PROBLEM TO SOLVE =>
From the entries below, copy every line that has the word "Rectangle".

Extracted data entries

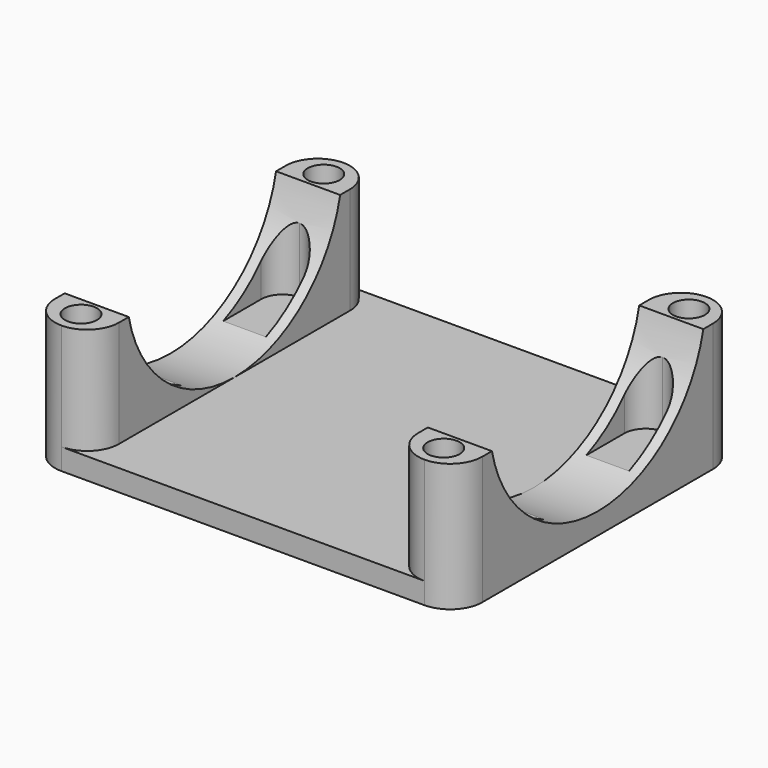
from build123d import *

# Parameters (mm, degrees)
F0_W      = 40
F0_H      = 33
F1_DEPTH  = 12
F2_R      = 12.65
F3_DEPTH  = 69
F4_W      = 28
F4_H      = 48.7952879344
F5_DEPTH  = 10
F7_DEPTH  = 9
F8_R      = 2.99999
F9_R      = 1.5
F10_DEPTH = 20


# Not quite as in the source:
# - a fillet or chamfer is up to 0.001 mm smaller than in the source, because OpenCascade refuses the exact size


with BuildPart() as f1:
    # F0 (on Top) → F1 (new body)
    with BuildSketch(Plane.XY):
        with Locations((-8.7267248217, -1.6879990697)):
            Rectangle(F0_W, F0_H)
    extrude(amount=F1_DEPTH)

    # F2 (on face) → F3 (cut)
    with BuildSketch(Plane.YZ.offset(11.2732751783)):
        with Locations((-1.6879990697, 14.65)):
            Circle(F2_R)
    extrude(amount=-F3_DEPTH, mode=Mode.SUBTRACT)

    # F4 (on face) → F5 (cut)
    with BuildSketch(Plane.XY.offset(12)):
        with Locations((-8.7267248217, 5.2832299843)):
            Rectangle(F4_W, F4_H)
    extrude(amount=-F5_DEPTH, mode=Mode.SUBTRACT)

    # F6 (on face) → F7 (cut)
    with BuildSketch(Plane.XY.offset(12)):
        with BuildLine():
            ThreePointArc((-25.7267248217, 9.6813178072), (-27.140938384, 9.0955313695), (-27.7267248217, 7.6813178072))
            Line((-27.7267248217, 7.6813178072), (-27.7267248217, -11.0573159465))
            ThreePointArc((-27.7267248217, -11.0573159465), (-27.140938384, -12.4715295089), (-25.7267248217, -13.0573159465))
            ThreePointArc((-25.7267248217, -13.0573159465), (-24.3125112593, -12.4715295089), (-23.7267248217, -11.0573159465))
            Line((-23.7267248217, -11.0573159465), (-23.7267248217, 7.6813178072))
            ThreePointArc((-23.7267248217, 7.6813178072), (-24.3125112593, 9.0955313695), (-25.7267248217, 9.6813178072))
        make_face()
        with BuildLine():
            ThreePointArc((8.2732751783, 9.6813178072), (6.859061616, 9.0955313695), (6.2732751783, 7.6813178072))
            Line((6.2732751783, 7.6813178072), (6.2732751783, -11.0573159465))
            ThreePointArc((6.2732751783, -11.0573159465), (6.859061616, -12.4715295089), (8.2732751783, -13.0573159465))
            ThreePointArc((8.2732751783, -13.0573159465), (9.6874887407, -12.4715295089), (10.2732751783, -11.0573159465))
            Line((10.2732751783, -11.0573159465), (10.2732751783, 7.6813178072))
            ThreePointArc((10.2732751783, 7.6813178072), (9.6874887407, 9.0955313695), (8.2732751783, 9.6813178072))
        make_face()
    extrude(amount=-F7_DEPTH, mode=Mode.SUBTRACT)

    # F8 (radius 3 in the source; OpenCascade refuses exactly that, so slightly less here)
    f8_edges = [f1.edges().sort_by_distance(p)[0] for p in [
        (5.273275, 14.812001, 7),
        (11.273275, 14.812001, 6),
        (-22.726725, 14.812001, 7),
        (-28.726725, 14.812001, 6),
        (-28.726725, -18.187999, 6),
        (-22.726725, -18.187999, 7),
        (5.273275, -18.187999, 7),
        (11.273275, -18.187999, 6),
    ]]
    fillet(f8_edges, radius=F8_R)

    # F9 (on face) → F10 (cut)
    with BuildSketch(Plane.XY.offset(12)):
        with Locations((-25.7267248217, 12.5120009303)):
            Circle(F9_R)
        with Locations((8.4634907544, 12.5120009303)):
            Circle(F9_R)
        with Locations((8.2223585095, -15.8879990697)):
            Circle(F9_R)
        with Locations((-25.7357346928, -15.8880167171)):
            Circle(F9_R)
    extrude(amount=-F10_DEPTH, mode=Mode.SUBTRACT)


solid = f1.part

WRITTEN RESPONSE =>
            Rectangle(F0_W, F0_H)
            Rectangle(F4_W, F4_H)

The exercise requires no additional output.